= Goal of the exercise =
Wherever a line below holds the word "VDDA", copy that line.

= Items from a data source =
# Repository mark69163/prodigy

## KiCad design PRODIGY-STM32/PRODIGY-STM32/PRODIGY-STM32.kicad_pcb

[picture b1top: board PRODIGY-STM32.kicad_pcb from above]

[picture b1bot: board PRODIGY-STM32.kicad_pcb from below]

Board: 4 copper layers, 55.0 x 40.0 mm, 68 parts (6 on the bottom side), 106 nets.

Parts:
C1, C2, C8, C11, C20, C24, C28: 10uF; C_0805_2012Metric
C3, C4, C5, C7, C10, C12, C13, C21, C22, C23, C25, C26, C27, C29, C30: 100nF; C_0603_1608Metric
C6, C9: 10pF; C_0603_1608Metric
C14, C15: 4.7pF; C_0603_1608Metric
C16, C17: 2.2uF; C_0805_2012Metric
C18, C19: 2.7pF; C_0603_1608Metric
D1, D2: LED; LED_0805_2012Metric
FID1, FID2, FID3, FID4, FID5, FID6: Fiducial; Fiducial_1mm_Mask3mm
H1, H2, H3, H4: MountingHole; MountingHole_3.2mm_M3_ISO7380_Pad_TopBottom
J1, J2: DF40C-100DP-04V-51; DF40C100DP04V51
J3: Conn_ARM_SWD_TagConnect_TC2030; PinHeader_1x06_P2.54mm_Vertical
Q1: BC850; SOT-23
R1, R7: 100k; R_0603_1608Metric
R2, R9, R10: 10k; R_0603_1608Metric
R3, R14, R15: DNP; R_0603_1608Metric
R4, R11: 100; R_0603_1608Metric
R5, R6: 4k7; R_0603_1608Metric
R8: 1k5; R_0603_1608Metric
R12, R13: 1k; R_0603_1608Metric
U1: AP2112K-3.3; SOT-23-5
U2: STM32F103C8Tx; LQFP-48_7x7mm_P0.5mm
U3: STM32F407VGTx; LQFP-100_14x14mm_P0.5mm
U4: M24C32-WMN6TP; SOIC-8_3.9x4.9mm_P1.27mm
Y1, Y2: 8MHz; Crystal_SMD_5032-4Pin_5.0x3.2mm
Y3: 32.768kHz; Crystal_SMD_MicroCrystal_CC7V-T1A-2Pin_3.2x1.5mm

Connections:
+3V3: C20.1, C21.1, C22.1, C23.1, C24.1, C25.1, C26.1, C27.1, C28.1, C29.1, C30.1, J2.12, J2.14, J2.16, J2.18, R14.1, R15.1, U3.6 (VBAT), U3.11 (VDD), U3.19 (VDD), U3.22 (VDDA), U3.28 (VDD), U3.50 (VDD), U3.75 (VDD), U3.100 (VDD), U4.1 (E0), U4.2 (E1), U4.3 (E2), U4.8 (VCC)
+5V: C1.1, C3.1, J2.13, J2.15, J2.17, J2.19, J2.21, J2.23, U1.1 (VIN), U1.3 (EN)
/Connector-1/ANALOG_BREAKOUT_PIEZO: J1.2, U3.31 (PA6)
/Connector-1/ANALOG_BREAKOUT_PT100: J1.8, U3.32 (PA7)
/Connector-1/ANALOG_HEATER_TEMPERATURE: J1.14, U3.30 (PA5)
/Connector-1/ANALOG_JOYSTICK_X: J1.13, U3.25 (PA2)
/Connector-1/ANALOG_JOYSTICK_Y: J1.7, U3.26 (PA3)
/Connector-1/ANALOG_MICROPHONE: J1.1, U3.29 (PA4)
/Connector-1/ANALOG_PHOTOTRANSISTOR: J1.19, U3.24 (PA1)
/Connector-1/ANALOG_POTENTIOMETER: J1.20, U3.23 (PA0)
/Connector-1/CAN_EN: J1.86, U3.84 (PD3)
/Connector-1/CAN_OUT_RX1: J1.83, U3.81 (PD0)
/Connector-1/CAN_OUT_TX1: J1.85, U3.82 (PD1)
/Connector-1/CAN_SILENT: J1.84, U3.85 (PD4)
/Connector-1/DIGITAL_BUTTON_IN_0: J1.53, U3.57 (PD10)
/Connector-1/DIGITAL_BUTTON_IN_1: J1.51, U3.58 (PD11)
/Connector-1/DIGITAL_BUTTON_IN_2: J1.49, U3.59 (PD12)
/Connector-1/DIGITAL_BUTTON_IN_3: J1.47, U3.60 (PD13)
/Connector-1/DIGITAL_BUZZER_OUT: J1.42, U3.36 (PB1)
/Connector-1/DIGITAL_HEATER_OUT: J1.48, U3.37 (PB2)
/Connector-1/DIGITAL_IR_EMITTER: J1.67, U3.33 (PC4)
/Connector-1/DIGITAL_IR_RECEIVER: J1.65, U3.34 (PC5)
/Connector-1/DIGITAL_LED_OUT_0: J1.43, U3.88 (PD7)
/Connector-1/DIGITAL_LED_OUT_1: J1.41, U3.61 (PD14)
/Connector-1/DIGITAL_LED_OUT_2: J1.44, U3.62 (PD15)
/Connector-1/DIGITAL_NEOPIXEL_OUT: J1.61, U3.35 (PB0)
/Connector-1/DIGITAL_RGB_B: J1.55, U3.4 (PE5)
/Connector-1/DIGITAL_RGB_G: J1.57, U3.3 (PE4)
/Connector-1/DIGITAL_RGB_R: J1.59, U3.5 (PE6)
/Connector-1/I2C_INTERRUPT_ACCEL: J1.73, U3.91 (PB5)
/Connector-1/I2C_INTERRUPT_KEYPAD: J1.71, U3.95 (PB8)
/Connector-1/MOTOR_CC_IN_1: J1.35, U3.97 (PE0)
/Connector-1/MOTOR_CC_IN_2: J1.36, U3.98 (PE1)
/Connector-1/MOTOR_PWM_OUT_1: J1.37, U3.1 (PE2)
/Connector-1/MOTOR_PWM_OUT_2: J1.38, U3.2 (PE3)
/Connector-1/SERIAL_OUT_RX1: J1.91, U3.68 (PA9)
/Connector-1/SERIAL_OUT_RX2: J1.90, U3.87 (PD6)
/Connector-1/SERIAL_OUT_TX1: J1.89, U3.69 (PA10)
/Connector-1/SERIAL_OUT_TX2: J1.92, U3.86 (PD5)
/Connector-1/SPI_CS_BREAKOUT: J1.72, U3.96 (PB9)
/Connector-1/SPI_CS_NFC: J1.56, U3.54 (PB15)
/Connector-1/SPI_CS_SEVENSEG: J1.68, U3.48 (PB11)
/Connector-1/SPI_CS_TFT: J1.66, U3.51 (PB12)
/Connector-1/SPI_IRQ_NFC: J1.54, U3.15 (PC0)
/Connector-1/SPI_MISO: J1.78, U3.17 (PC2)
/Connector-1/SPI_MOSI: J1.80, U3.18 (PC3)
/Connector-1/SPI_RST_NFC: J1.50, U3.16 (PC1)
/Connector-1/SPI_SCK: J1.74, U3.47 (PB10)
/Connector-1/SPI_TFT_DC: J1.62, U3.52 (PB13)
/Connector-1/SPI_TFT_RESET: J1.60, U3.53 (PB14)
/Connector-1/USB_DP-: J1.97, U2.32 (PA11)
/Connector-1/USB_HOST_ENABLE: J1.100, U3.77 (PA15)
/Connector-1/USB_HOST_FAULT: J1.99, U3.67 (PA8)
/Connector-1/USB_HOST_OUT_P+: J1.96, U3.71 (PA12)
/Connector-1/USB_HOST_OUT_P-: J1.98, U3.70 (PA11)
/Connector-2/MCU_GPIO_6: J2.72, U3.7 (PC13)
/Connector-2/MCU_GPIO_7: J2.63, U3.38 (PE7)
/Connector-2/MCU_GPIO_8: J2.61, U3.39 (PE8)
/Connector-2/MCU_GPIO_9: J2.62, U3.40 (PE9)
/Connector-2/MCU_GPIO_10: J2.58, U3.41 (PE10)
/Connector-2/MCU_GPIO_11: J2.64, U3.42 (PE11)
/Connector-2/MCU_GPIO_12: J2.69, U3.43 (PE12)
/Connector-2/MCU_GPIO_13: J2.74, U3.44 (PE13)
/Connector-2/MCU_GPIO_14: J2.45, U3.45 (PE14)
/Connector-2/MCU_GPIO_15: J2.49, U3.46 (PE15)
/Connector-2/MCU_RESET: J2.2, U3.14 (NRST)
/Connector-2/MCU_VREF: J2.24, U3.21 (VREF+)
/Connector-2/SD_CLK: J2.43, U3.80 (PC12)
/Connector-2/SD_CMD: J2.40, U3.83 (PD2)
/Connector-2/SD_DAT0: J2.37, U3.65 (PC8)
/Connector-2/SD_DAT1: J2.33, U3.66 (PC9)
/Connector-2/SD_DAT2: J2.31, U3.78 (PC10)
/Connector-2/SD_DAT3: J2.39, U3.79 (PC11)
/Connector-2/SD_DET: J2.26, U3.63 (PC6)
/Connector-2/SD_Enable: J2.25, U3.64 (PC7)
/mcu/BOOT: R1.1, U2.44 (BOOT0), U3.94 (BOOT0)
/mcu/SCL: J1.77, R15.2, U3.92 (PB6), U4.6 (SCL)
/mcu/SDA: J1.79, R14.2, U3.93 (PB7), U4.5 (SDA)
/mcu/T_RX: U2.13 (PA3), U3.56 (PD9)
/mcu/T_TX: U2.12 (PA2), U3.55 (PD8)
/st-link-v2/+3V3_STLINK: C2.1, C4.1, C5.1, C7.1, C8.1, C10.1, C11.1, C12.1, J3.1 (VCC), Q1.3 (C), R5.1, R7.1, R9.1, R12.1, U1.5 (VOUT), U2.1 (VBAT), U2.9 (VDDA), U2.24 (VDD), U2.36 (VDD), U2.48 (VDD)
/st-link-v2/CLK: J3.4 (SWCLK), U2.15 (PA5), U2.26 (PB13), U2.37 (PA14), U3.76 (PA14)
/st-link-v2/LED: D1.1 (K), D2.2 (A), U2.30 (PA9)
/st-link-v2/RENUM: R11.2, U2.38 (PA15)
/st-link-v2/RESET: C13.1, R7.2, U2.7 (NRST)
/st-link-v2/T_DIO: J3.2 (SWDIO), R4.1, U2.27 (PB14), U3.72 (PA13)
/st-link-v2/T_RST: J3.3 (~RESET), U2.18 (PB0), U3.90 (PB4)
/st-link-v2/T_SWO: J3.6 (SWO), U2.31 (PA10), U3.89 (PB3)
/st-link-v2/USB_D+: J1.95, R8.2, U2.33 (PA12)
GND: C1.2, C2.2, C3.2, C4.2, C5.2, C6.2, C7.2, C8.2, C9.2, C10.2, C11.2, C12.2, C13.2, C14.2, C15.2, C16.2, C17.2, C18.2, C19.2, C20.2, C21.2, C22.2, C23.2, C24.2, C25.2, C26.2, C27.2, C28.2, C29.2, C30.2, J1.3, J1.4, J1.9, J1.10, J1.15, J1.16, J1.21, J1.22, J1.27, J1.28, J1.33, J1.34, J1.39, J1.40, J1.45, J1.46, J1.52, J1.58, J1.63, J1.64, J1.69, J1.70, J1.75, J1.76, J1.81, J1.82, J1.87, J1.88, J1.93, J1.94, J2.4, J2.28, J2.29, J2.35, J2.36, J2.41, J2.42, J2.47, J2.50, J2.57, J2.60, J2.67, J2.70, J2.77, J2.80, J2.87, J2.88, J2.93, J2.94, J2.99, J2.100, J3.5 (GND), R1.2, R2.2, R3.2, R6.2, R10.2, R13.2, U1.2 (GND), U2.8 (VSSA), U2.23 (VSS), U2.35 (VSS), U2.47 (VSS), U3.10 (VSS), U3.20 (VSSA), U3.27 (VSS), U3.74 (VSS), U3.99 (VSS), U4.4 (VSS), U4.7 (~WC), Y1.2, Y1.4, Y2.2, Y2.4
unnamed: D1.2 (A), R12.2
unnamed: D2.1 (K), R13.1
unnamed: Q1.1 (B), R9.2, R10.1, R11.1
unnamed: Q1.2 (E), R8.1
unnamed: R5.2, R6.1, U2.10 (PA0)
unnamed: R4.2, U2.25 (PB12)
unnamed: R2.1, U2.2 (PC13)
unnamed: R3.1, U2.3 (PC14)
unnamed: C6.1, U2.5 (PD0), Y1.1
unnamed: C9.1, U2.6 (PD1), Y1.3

= Response to this task =
+3V3: C20.1, C21.1, C22.1, C23.1, C24.1, C25.1, C26.1, C27.1, C28.1, C29.1, C30.1, J2.12, J2.14, J2.16, J2.18, R14.1, R15.1, U3.6 (VBAT), U3.11 (VDD), U3.19 (VDD), U3.22 (VDDA), U3.28 (VDD), U3.50 (VDD), U3.75 (VDD), U3.100 (VDD), U4.1 (E0), U4.2 (E1), U4.3 (E2), U4.8 (VCC)
/st-link-v2/+3V3_STLINK: C2.1, C4.1, C5.1, C7.1, C8.1, C10.1, C11.1, C12.1, J3.1 (VCC), Q1.3 (C), R5.1, R7.1, R9.1, R12.1, U1.5 (VOUT), U2.1 (VBAT), U2.9 (VDDA), U2.24 (VDD), U2.36 (VDD), U2.48 (VDD)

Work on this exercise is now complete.